The Chapter of Death, or, When that thing you’re writing turns to utter crap

I have a book chapter due in about two weeks time, it’s an expanded version of a paper I presented in Oxford in July last year. I’ve reached the point where I have stopped being convinced of my own thesis – which is pretty damning. The thrust of the original paper went something like this:

– The videogame blogging community is pretty rad

– The community seems to know stuff (it makes interesting blog posts and discussions)

– Therefore the community as an aggregate entity knows stuff (and for some epistemological reasons that’s interesting)

Easy, right? Except that I’ve grown disenchanted with the idea that the community knows stuff, as well as the idea of the community as an aggregate entity. It’s all kind of boring and banal, with all the things and potentials that excited or surprised me about it now seeming dull and mundane.

Okay fine, so I can’t just withdraw the piece from the anthology because I think my piece is stupid, gotta keep the publishing record up after all. So what’s my option? Go with the pat ‘there were no conclusions reached/further research needed’ option?

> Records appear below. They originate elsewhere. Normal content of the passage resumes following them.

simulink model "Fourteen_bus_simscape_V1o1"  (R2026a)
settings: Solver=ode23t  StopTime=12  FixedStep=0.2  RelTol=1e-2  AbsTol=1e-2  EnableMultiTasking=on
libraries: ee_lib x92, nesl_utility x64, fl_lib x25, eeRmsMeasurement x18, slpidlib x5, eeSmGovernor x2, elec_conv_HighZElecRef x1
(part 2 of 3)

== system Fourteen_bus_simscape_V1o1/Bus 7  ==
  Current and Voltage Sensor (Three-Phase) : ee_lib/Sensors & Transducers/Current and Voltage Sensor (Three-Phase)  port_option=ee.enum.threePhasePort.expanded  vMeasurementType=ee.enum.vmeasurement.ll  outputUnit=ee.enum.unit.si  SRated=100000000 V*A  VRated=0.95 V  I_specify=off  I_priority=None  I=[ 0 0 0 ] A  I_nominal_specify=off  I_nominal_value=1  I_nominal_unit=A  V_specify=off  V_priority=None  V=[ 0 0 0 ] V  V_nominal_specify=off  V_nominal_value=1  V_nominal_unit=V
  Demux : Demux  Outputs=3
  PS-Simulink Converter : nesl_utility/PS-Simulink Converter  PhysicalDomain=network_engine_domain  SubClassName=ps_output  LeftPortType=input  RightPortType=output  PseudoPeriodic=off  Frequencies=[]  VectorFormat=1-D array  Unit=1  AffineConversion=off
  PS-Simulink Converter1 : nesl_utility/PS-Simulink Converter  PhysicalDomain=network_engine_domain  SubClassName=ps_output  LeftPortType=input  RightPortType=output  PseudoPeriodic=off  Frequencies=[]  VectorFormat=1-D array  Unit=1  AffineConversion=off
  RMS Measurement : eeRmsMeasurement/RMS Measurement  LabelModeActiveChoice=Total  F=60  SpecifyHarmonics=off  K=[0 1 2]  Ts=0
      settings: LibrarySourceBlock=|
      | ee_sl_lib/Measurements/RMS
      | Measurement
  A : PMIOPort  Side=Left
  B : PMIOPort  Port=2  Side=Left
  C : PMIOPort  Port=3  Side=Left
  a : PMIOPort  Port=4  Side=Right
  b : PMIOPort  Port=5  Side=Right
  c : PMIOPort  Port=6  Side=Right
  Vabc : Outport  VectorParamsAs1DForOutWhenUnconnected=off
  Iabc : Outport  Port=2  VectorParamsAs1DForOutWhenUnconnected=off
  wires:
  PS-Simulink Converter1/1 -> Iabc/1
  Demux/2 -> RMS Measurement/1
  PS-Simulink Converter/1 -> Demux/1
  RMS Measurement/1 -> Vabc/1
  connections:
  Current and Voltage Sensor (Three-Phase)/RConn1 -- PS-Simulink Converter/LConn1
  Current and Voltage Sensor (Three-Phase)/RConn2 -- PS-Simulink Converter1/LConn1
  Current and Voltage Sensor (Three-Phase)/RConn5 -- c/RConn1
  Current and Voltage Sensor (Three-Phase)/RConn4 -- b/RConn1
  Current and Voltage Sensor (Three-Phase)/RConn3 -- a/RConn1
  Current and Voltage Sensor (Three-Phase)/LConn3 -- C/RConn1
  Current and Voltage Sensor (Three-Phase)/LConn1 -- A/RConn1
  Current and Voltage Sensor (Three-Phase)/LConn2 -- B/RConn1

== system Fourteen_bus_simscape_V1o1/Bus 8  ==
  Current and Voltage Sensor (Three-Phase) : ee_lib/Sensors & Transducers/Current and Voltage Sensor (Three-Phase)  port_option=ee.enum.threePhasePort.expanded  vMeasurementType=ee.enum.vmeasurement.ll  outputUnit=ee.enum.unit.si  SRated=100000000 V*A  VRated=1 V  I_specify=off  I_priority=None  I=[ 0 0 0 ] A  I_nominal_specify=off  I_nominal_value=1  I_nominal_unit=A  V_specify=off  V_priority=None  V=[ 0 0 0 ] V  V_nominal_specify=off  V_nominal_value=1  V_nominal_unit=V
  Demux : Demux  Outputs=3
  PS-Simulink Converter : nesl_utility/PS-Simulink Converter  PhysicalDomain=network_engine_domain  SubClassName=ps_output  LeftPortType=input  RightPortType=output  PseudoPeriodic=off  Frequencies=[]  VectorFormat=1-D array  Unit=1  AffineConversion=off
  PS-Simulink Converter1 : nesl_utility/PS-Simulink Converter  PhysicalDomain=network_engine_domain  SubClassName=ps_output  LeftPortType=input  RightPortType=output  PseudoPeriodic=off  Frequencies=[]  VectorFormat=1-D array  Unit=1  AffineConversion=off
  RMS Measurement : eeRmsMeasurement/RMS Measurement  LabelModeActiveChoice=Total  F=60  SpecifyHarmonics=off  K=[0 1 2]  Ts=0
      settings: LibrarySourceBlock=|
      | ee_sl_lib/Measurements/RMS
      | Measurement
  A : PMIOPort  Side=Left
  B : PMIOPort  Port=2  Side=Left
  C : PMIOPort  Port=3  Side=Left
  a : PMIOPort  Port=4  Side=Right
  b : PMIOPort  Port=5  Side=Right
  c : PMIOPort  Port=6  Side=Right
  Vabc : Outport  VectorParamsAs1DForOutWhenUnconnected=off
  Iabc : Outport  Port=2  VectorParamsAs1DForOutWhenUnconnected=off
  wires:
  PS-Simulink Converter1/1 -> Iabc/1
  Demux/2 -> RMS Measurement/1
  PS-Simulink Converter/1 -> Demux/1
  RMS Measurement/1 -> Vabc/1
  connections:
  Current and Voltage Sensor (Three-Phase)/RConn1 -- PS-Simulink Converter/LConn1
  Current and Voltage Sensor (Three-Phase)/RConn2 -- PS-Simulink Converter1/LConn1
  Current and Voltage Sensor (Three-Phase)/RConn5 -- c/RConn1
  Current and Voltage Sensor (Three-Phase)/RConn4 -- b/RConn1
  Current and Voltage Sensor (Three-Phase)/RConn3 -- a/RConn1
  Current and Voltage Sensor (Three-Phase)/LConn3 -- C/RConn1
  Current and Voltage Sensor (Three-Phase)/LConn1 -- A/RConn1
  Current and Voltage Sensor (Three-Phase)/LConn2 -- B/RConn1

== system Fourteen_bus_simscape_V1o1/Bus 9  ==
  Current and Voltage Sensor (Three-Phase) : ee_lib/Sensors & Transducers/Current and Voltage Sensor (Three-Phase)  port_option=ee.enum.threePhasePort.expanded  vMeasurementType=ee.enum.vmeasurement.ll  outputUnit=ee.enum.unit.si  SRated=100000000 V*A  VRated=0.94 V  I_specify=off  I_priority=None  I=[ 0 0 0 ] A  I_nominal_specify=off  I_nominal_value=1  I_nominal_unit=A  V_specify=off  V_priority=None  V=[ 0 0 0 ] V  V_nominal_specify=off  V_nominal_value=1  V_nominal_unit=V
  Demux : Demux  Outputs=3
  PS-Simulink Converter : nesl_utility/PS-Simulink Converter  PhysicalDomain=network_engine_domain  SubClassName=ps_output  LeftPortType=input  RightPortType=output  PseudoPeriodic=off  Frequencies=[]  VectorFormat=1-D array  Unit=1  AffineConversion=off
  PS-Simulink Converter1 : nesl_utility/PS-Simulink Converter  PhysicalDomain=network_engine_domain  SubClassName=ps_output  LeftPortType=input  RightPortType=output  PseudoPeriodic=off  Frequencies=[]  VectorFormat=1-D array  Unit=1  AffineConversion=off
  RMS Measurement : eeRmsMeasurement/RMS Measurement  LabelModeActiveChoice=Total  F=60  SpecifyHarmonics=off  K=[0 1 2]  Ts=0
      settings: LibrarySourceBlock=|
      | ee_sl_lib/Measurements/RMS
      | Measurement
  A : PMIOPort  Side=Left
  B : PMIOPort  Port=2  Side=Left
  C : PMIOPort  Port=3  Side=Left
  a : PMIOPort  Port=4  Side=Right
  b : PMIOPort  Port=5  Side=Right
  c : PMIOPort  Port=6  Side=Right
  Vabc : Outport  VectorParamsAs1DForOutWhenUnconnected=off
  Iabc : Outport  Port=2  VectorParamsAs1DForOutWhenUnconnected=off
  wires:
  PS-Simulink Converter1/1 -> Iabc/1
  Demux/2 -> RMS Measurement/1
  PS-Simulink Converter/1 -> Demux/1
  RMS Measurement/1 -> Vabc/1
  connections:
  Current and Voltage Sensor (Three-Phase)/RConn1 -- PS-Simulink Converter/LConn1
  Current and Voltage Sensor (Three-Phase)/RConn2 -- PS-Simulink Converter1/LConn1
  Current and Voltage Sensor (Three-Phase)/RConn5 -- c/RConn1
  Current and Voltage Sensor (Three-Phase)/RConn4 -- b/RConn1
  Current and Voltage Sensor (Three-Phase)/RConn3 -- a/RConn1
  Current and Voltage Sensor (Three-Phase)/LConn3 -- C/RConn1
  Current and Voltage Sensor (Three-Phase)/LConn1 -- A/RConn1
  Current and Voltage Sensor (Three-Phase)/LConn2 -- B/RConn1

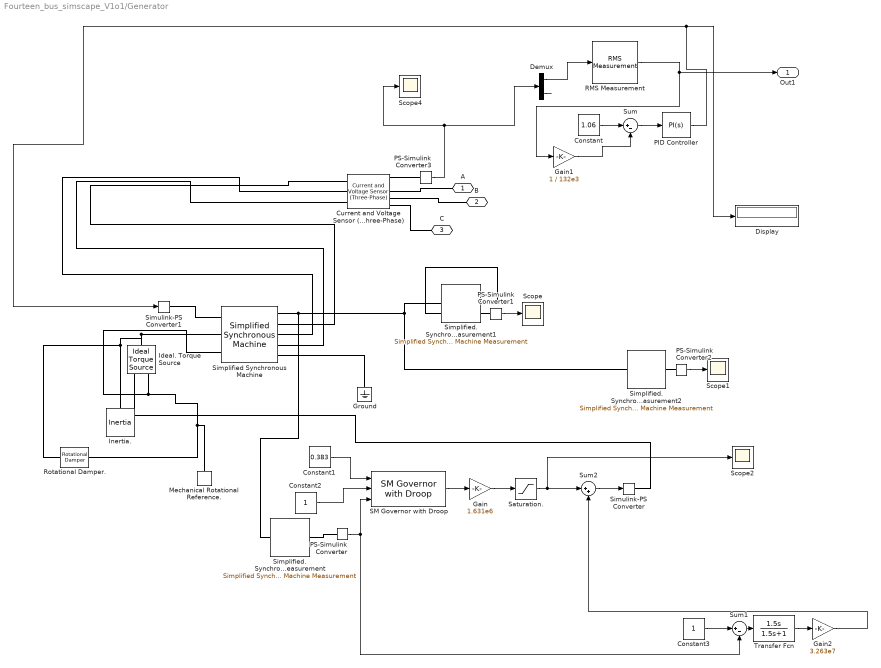
== system Fourteen_bus_simscape_V1o1/Generator ==
  Constant : Constant  Value=1.06
  Constant1 : Constant  Value=0.383
  Constant2 : Constant
  Constant3 : Constant
  Current and Voltage Sensor (Three-Phase) : ee_lib/Sensors & Transducers/Current and Voltage Sensor (Three-Phase)  port_option=ee.enum.threePhasePort.expanded  vMeasurementType=ee.enum.vmeasurement.ll  outputUnit=ee.enum.unit.si  SRated=100000000 V*A  VRated=0.92 V  I_specify=off  I_priority=None  I=[ 0 0 0 ] A  I_nominal_specify=off  I_nominal_value=1  I_nominal_unit=A  V_specify=off  V_priority=None  V=[ 0 0 0 ] V  V_nominal_specify=off  V_nominal_value=1  V_nominal_unit=V
  Demux : Demux  Outputs=3
  Display : Display
  Gain : Gain  Gain=1.631e6
  Gain1 : Gain  Gain=1 / 132e3
  Gain2 : Gain  Gain=3.263e7
  Ground : fl_lib/Electrical/Electrical Elements/Electrical Reference
  Ideal. Torque Source : fl_lib/Mechanical/Mechanical Sources/Ideal Torque Source
  Inertia. : fl_lib/Mechanical/Rotational Elements/Inertia  inertia=3.46e4 kg*m^2  num_ports=foundation.enum.numPorts2.one  w_specify=on  w_priority=High  w=377 rad/s  w_nominal_specify=off  w_nominal_value=1  w_nominal_unit=rad/s  t_specify=off  t_priority=None  t=0 N*m  t_nominal_specify=off  t_nominal_value=1  t_nominal_unit=N*m
  Mechanical Rotational Reference. : fl_lib/Mechanical/Rotational Elements/Mechanical Rotational Reference
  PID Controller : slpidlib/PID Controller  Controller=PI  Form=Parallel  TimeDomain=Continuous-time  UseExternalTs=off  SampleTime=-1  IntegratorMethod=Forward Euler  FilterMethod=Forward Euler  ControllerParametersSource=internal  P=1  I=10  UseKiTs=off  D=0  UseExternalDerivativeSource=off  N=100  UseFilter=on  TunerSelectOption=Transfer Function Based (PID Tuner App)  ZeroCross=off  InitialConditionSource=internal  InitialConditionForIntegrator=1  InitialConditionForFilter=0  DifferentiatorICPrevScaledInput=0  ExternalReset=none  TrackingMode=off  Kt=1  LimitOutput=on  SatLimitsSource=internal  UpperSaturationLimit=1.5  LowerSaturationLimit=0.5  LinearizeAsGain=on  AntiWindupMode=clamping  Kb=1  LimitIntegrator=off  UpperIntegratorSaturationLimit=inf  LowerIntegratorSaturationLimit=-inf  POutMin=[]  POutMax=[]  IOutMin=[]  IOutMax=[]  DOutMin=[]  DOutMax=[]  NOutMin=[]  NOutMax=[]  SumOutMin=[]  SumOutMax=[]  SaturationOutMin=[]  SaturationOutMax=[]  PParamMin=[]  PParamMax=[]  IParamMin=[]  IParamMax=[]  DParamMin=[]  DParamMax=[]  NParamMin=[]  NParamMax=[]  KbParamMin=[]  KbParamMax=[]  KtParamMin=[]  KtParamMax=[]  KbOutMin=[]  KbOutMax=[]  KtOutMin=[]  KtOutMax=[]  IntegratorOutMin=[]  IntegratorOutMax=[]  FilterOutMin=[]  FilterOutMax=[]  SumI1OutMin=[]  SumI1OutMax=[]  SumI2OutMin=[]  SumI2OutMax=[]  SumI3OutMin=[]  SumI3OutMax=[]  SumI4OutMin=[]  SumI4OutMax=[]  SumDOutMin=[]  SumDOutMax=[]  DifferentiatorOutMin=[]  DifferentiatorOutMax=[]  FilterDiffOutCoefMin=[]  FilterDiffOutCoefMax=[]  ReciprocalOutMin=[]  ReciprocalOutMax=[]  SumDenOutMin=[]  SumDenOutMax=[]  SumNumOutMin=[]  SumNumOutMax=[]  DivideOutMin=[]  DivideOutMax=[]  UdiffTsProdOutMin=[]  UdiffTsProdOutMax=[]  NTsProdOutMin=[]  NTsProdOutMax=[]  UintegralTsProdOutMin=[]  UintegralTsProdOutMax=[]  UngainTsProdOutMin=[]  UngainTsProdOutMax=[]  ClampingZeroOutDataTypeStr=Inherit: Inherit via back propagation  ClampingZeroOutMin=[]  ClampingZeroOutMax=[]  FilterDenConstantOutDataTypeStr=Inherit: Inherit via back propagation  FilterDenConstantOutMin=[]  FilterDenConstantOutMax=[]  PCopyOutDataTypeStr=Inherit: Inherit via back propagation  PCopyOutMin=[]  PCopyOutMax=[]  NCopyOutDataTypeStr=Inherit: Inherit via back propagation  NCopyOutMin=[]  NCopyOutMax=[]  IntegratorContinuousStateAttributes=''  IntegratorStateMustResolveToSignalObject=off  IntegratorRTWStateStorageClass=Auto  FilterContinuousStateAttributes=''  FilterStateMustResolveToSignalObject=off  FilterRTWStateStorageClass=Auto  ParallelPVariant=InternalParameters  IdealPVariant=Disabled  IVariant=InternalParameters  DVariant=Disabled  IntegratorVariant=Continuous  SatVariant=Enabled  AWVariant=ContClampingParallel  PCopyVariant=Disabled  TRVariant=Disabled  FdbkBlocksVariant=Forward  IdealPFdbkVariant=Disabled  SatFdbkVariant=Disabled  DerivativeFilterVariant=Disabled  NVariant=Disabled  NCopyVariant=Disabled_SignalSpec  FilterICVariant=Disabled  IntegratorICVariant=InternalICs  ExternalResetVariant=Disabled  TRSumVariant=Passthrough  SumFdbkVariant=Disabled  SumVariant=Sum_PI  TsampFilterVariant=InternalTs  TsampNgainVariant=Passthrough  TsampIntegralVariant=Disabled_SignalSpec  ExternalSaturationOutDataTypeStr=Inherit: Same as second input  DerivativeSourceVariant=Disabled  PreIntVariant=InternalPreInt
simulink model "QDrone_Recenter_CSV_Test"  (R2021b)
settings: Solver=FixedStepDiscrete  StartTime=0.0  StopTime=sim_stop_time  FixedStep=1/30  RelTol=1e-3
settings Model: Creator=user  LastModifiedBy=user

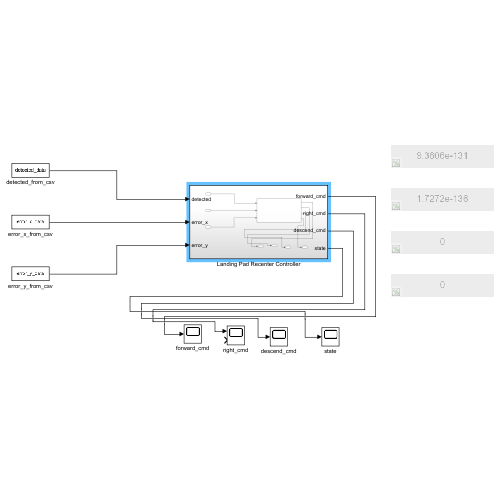
[thumbnail: Simulink's stored preview of the top-level diagram]
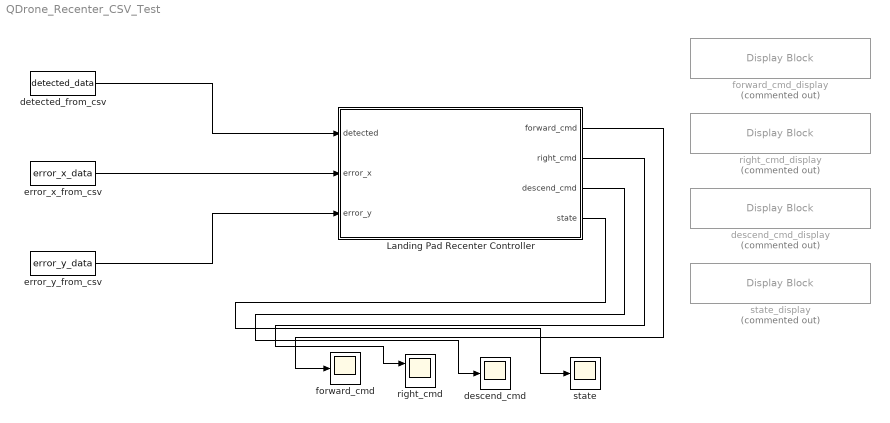
== system QDrone_Recenter_CSV_Test ==
  Landing Pad Recenter Controller : Subsystem
  descend_cmd : Scope
  descend_cmd_display : DisplayBlock  Commented=on  LabelPosition=Hide  Format=short  Transparency=1
  detected_from_csv : FromWorkspace  VariableName=detected_data
  error_x_from_csv : FromWorkspace  VariableName=error_x_data
  error_y_from_csv : FromWorkspace  VariableName=error_y_data
  forward_cmd : Scope
  forward_cmd_display : DisplayBlock  Commented=on  LabelPosition=Hide  Format=short  Transparency=1
  right_cmd : Scope  NumInputPorts=2
  "right_cmd_display " : DisplayBlock  Commented=on  LabelPosition=Hide  Format=short  Transparency=1
  state : Scope
  state_display : DisplayBlock  Commented=on  LabelPosition=Hide  Format=short  Transparency=1
  wires:
  detected_from_csv/1 -> Landing Pad Recenter Controller/1(detected)
  error_x_from_csv/1 -> Landing Pad Recenter Controller/2(error_x)
  error_y_from_csv/1 -> Landing Pad Recenter Controller/3(error_y)
  Landing Pad Recenter Controller/1(forward_cmd) -> forward_cmd/1
  Landing Pad Recenter Controller/2(right_cmd) -> right_cmd/1
  Landing Pad Recenter Controller/3(descend_cmd) -> descend_cmd/1
  Landing Pad Recenter Controller/4(state) -> state/1

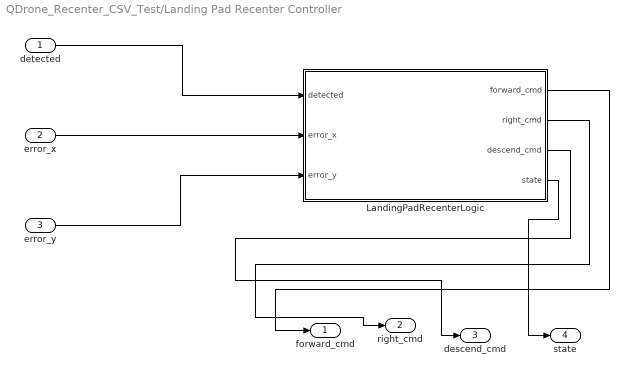
== system QDrone_Recenter_CSV_Test/Landing Pad Recenter Controller ==
  detected : Inport
  error_x : Inport  Port=2
  error_y : Inport  Port=3
  LandingPadRecenterLogic : MATLAB Function  TreatAsAtomicUnit=on
  forward_cmd : Outport
  right_cmd : Outport  Port=2
  descend_cmd : Outport  Port=3
  state : Outport  Port=4
  wires:
  error_y/1 -> LandingPadRecenterLogic/3(error_y)
  LandingPadRecenterLogic/3(descend_cmd) -> descend_cmd/1
  LandingPadRecenterLogic/2(right_cmd) -> right_cmd/1
  LandingPadRecenterLogic/1(forward_cmd) -> forward_cmd/1
  LandingPadRecenterLogic/4(state) -> state/1
  error_x/1 -> LandingPadRecenterLogic/2(error_x)
  detected/1 -> LandingPadRecenterLogic/1(detected)

== matlab function QDrone_Recenter_CSV_Test/Landing Pad Recenter Controller/LandingPadRecenterLogic ==
  data: detected input; forward_cmd output; error_x input; error_y input; right_cmd output; descend_cmd output; state output
function [forward_cmd, right_cmd, descend_cmd, state] = LandingPadRecenterLogic(detected, error_x, error_y)

% Inputs:
% detected : 1 if YOLO detects landing pad, 0 otherwise
% error_x  : pad_center_x - image_center_x
% error_y  : pad_center_y - image_center_y

% Outputs:
% forward_cmd : positive = move forward, negative = move backward
% right_cmd   : positive = move right, negative = move left
% descend_cmd : positive small descent command when landing is ready
% state       : 0 no detection, 1 recentering, 2 centered, 3 landing ready

persistent smooth_forward smooth_right centered_counter

if isempty(smooth_forward)
    smooth_forward = 0;
    smooth_right = 0;
    centered_counter = 0;
end

% Tunable parameters
deadband_pixels = 40;
alpha = 0.25;
max_cmd = 0.20;          
centered_required = 10;
descend_speed = 0.05;

raw_forward = 0;
raw_right = 0;
descend_cmd = 0;
state = 0;

% Your image size is 640x480
image_center_x = 320;
image_center_y = 240;

if detected == 1

    x_centered = abs(error_x) <= deadband_pixels;
    y_centered = abs(error_y) <= deadband_pixels;

    if x_centered && y_centered
        centered_counter = centered_counter + 1;
        state = 2;
    else
        centered_counter = 0;
        state = 1;

        % Calibration-confirmed mapping:
        % error_x > 0 -> move backward
        % error_x < 0 -> move forward
        if ~x_centered
            raw_forward = -error_x / image_center_x;
        end

        % error_y > 0 -> move left
        % error_y < 0 -> move right
        if ~y_centered
            raw_right = -error_y / image_center_y;
        end

        raw_forward = min(max(raw_forward, -1), 1);
        raw_right = min(max(raw_right, -1), 1);
    end

    if centered_counter >= centered_required
        state = 3;
        descend_cmd = descend_speed;
        raw_forward = 0;
        raw_right = 0;
    end

else
    centered_counter = 0;
    state = 0;
    raw_forward = 0;
    raw_right = 0;
end

% Smooth commands
smooth_forward = alpha * raw_forward + (1 - alpha) * smooth_forward;
smooth_right = alpha * raw_right + (1 - alpha) * smooth_right;

% Decay commands when no detection
if detected == 0
    smooth_forward = 0.7 * smooth_forward;
    smooth_right = 0.7 * smooth_right;
end

% Scale to small safe command range
forward_cmd = max_cmd * smooth_forward;
right_cmd = max_cmd * smooth_right;

end

A journal article I discovered the other day might have a useful “out”, and I’ll excerpt the intro:

“The 2011 revolutions in Tunisia, Egypt and neighbouring countries have brought blogging and other social and citizens’ media to the forefront of the public imagination. Major news corporations have interviewed bloggers and drawn heavily on Twitter and Facebook. Social media have been celebrated as creating or, at the very least, fuelling the revolutionary movements. On the other hand, ‘pre-revolutionary’ scholarship on blogs and other forms of online journalism, citizens’ media and user-generated content argued that they were unsuccessful because they did not appear on the radar of commercial media and/or have not themselves become big media, accessed by a large number of readers/users. For some observers this means that journalism 2.0 has not lived up to its promise (Rebillard and Touboul, 2010).

These two apparently opposing arguments draw on the same logic: media are considered political if, and only if, they have a major impact on political decision-makers and the public sphere. …The danger for media analysis is that we then forget about the political import of mundane, quotidian everyday practices: they no longer fit within the notion of politics.”

They then go on to position the German news-blogosphere (a considerably larger one than the CVG blogosophere) as political via Oliver Marchart’s who “has elaborated an extended definition of minimal politics, the minimal criteria required for an action to be considered political.” So that could be an out: do something with Marchart’s 6 criteria for minimal politics and say the CVG blogosphere meets the criteria (probably like: sometimes it will, sometimes it won’t).

The bits I have that do feel strong are about community formation, and how the CVGBlogosophere emerged and how to talk about community when it’s a techno-human community… but why would a chapter primarily about that end up in a book about videogames (and more to the point: in a section on identity and gameplay?? Unless I want to get all Clifford Geertz up in this piece and treat blogging as a “game” – also a. la Chris Bateman, but I have some problems with that book…)

So I don’t know.  I think I’ve about reached my limit for the day, and it’s time for some relaxing Starcraft instead.